That would be the easiest way. you can get a decent DVD recorder from Walmart for under $80 or a DVD recorder/VCR combo for under $100. They are cheap but they work very well. Better than the two Phillips burners I've had for the last 3 years. The only advantage with my Phillips was they recorded the audio in DD2.0
Most burners record the audio in stereo PCM.
It seems like it would be a long process to go from the S3 to the S2 to the PC to a DVD. Just go straight from the S3 to a DVD. The picture quality is excellent for being a DVD.


----------



## dwlawhorn (Jan 1, 2009)

On the front of the series 3 box you will note that 2/3's of the right front is a silver rectangle with a dark plastic rectangular cover in the middle that has some indicator lights that show through it. The center of the IR receiver is about 3 7/8 inches from the left edge of the dark plastic strip which covers the indicator status lights.


----------



## redtape (Oct 14, 2003)

dwlawhorn said:


> On the front of the series 3 box you will note that 2/3's of the right front is a silver rectangle with a dark plastic rectangular cover in the middle that has some indicator lights that show through it. The center of the IR receiver is about 3 7/8 inches from the left edge of the dark plastic strip which covers the indicator status lights.

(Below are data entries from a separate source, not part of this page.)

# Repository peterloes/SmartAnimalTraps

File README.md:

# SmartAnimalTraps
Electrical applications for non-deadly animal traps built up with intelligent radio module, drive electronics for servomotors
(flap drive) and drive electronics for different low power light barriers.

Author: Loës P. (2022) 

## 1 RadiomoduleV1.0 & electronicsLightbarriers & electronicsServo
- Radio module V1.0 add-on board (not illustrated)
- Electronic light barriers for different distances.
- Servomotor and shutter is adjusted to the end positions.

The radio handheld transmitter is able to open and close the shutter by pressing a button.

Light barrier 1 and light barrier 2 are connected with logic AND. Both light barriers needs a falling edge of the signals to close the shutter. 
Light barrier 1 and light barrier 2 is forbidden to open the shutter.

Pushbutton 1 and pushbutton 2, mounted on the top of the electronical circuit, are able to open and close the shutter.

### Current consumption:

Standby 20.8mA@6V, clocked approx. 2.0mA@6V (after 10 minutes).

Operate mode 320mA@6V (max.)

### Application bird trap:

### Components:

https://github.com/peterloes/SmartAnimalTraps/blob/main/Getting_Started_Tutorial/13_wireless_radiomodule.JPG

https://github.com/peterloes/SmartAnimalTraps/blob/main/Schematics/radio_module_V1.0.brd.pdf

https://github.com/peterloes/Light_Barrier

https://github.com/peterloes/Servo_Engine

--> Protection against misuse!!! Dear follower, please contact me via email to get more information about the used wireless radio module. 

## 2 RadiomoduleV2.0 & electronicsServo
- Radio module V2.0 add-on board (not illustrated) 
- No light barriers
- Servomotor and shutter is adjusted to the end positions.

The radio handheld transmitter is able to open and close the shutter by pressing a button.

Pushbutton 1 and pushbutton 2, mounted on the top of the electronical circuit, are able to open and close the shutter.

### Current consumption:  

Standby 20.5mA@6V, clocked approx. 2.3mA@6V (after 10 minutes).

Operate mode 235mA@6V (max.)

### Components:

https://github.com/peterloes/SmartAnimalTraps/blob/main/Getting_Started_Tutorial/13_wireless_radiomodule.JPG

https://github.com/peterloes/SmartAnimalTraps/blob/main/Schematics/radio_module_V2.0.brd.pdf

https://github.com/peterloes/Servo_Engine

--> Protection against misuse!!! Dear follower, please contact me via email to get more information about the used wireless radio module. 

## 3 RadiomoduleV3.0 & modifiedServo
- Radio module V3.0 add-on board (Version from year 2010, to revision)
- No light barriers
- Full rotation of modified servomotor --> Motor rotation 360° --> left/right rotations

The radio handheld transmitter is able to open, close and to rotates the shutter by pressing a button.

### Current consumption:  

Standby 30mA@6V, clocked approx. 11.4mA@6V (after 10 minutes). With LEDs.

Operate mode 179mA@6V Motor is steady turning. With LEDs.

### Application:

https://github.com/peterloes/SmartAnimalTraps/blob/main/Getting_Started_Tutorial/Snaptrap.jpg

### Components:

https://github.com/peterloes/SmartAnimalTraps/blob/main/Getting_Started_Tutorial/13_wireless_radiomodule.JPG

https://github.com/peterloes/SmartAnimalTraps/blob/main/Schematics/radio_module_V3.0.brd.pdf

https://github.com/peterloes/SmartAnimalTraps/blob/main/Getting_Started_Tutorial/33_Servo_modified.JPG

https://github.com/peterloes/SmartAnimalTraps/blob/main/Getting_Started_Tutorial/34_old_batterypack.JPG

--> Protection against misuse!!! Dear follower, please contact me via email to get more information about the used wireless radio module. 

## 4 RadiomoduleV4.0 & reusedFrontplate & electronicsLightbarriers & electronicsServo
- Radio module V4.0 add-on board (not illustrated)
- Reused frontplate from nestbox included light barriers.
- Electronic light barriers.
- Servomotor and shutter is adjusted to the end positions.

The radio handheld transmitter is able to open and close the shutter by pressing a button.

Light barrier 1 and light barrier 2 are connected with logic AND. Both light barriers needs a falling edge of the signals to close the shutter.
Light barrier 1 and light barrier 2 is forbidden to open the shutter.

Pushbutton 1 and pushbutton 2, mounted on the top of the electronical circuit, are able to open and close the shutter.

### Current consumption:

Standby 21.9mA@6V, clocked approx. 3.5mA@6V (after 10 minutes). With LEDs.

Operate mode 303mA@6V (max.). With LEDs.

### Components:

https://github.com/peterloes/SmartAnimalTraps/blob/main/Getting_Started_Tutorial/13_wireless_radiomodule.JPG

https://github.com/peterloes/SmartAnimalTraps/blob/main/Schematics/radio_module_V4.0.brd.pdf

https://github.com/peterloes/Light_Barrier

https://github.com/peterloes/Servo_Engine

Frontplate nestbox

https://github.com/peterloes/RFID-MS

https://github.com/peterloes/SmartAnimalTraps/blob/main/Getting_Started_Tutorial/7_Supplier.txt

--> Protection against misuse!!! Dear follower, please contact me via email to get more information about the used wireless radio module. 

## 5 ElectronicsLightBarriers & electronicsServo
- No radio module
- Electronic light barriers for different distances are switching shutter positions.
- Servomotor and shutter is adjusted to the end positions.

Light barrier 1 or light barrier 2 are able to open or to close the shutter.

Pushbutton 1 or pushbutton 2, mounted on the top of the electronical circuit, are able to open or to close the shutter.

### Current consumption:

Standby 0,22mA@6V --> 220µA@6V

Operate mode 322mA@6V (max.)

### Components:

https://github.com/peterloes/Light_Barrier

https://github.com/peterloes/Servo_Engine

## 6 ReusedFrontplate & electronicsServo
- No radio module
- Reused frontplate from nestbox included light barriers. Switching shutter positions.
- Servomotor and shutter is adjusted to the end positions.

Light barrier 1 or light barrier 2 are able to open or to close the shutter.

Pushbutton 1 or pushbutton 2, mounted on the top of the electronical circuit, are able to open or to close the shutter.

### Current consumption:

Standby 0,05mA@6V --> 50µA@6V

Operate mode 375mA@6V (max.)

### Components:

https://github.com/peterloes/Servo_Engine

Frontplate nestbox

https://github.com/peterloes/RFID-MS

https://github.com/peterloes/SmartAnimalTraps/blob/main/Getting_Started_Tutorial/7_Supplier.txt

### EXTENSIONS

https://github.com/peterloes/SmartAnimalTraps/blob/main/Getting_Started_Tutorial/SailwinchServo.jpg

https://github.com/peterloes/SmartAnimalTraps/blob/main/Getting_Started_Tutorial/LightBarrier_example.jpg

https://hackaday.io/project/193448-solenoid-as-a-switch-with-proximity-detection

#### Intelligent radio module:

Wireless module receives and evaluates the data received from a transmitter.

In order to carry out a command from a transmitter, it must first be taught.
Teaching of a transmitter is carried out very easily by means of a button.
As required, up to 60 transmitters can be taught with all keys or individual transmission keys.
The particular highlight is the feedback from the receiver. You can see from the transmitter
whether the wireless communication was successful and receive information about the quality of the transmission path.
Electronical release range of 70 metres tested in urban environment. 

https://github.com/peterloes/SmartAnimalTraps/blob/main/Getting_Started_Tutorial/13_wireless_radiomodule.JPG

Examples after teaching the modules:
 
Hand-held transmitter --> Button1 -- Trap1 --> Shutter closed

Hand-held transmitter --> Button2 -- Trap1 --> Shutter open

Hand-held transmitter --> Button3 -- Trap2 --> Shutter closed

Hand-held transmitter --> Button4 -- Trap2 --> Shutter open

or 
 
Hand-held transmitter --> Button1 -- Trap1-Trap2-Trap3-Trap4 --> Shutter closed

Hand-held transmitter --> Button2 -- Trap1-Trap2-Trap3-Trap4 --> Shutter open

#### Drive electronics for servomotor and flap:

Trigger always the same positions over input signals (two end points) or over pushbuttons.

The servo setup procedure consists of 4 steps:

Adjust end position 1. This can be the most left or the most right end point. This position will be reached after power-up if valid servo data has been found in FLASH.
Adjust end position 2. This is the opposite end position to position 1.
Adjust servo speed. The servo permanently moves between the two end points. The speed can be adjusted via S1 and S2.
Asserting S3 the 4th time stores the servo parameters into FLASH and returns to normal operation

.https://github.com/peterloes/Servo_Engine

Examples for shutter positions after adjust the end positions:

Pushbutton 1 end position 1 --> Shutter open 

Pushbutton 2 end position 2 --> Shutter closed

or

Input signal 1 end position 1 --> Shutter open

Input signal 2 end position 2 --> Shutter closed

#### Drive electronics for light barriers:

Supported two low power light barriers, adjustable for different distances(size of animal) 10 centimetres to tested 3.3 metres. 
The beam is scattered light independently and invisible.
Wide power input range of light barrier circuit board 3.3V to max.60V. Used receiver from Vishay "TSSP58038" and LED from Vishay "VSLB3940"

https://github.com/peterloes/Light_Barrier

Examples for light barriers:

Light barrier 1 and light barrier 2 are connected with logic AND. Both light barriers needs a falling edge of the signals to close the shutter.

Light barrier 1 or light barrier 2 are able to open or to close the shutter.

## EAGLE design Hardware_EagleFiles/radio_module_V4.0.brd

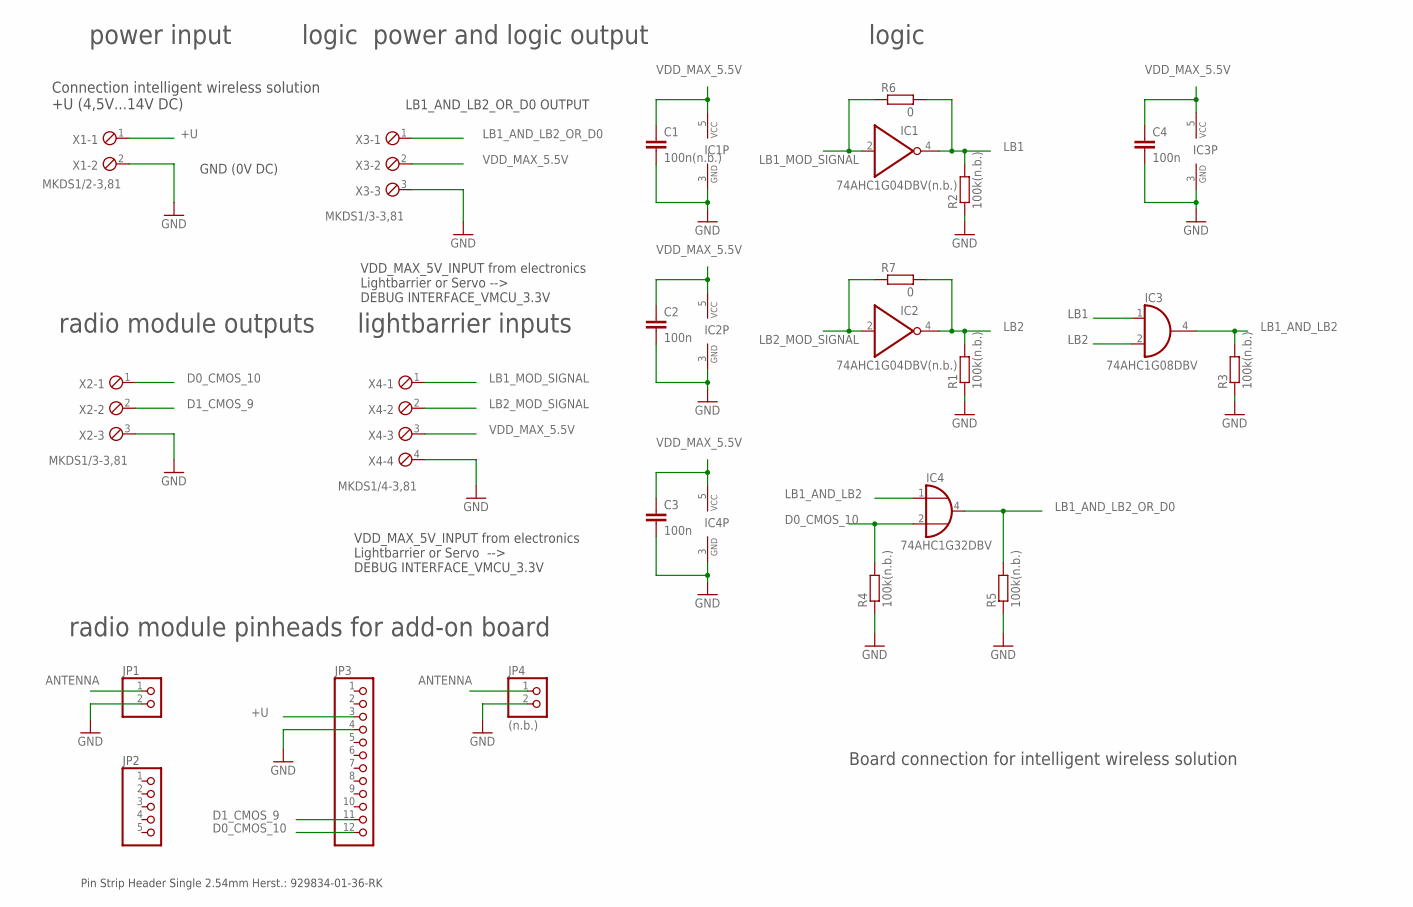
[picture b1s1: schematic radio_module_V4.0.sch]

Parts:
C1: 100n(n.b.); C0805
C2, C3, C4: 100n; C0805
IC1, IC2: 74AHC1G04DBV(n.b.); SOT23-5
IC3: 74AHC1G08DBV; SOT23-5
IC4: 74AHC1G32DBV; SOT23-5
JP1: PINHD-1X2; 1X02
JP2: PINHD-1X5; 1X05
JP3: PINHD-1X12; 1X12
JP4: (n.b.); 1X02
R1, R2, R3, R4, R5: 100k(n.b.); R0805
R6, R7: 0; R0805
X1: MKDS1/2-3,81; 2POL381
X2, X3: MKDS1/3-3,81; 3POL381
X4: MKDS1/4-3,81; 4POL381

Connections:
+U: JP3.3, X1.1
ANTENNA: JP1.1, JP4.1
D0_CMOS_10: IC4.2 (I1), JP3.12, R4.2, X2.1
D1_CMOS_9: JP3.11, X2.2
GND: C1.2, C2.2, C3.2, C4.2, IC1.3 (GND), IC2.3 (GND), IC3.3 (GND), IC4.3 (GND), JP1.2, JP3.4, JP4.2, R1.1, R2.1, R3.1, R4.1, R5.1, X1.2, X2.3, X3.3, X4.4
LB1: IC1.4 (O), IC3.1 (I0), R2.2, R6.2
LB1_AND_LB2: IC3.4 (O), IC4.1 (I0), R3.2
LB1_AND_LB2_OR_D0: IC4.4 (O), R5.2, X3.1
LB1_MOD_SIGNAL: IC1.2 (I), R6.1, X4.1
LB2: IC2.4 (O), IC3.2 (I1), R1.2, R7.2
LB2_MOD_SIGNAL: IC2.2 (I), R7.1, X4.2
VDD_MAX_5.5V: C1.1, C2.1, C3.1, C4.1, IC1.5 (VCC), IC2.5 (VCC), IC3.5 (VCC), IC4.5 (VCC), X3.2, X4.3

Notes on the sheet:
Board connection for intelligent wireless solution
power input
Connection intelligent wireless solution +U (4,5V...14V DC)
GND (0V DC)
Pin Strip Header Single 2.54mm Herst.: 929834-01-36-RK
radio module pinheads for add-on board
radio module outputs
lightbarrier inputs
logic power and logic output
logic
LB1_AND_LB2_OR_D0 OUTPUT
VDD_MAX_5V_INPUT from electronics Lightbarrier or Servo --> DEBUG INTERFACE_VMCU_3.3V
VDD_MAX_5V_INPUT from electronics Lightbarrier or Servo --> DEBUG INTERFACE_VMCU_3.3V

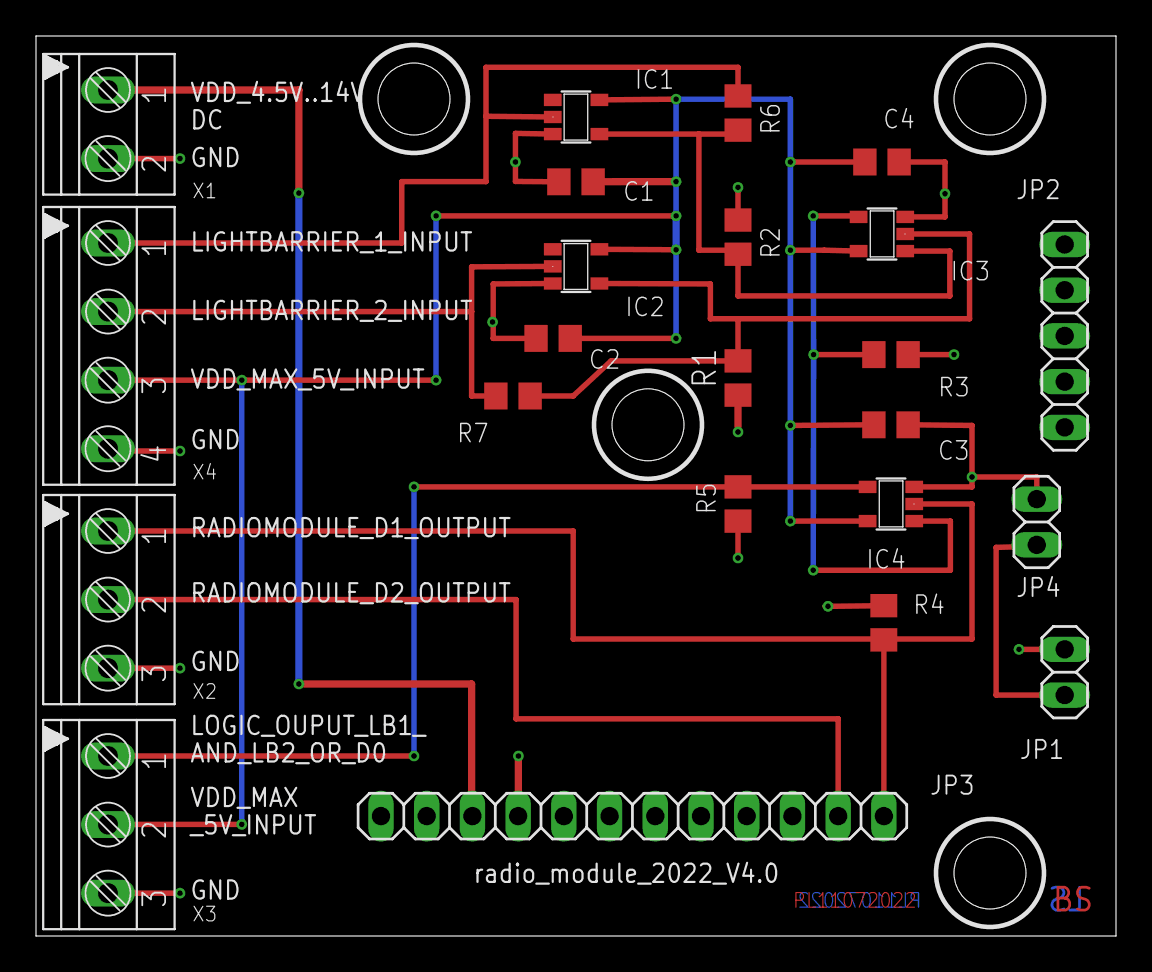
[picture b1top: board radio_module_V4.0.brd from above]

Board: 4 copper layers, 60.0 x 50.0 mm, 23 parts (0 on the bottom side), 12 nets.

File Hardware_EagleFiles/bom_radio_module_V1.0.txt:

Stückliste exportiert aus C:/MPIO/TECHNIK/HARDWARE/EAGLE_FILES/Wireless_Servo_2022/radio_module_V1.0.sch am 07.07.2022 10:13

Part Value        Device       Package Description                                              
C1   100n         C-EUC0805    C0805   CAPACITOR, European symbol                               
C2   100n         C-EUC0805    C0805   CAPACITOR, European symbol                               
C3   100n         C-EUC0805    C0805   CAPACITOR, European symbol                               
C4   100n         C-EUC0805    C0805   CAPACITOR, European symbol                               
IC1  74AHC1G04DBV 74AHC1G04DBV SOT23-5 INVERTER Gate                                            
IC2  74AHC1G04DBV 74AHC1G04DBV SOT23-5 INVERTER Gate                                            
IC3  74AHC1G08DBV 74AHC1G08DBV SOT23-5 2-input AND gate                                         
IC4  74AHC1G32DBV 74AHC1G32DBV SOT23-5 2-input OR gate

You do realize that this is a 2+ year old thread?


----------



## Adam1115 (Dec 15, 2003)

dwlawhorn said:


> On the front of the series 3 box you will note that 2/3's of the right front is a silver rectangle with a dark plastic rectangular cover in the middle that has some indicator lights that show through it. The center of the IR receiver is about 3 7/8 inches from the left edge of the dark plastic strip which covers the indicator status lights.


GREAT NEWS!

But in the 2 years that past since this was posted, you can now just transfer the shows over the network....


----------



## alansh (Jan 3, 2003)

Not all of us. Cox in Phoenix is blocking TTG for all of the non-broadcast channels. You can either play it back to a capture device, or use a Series2 with a cable box.


----------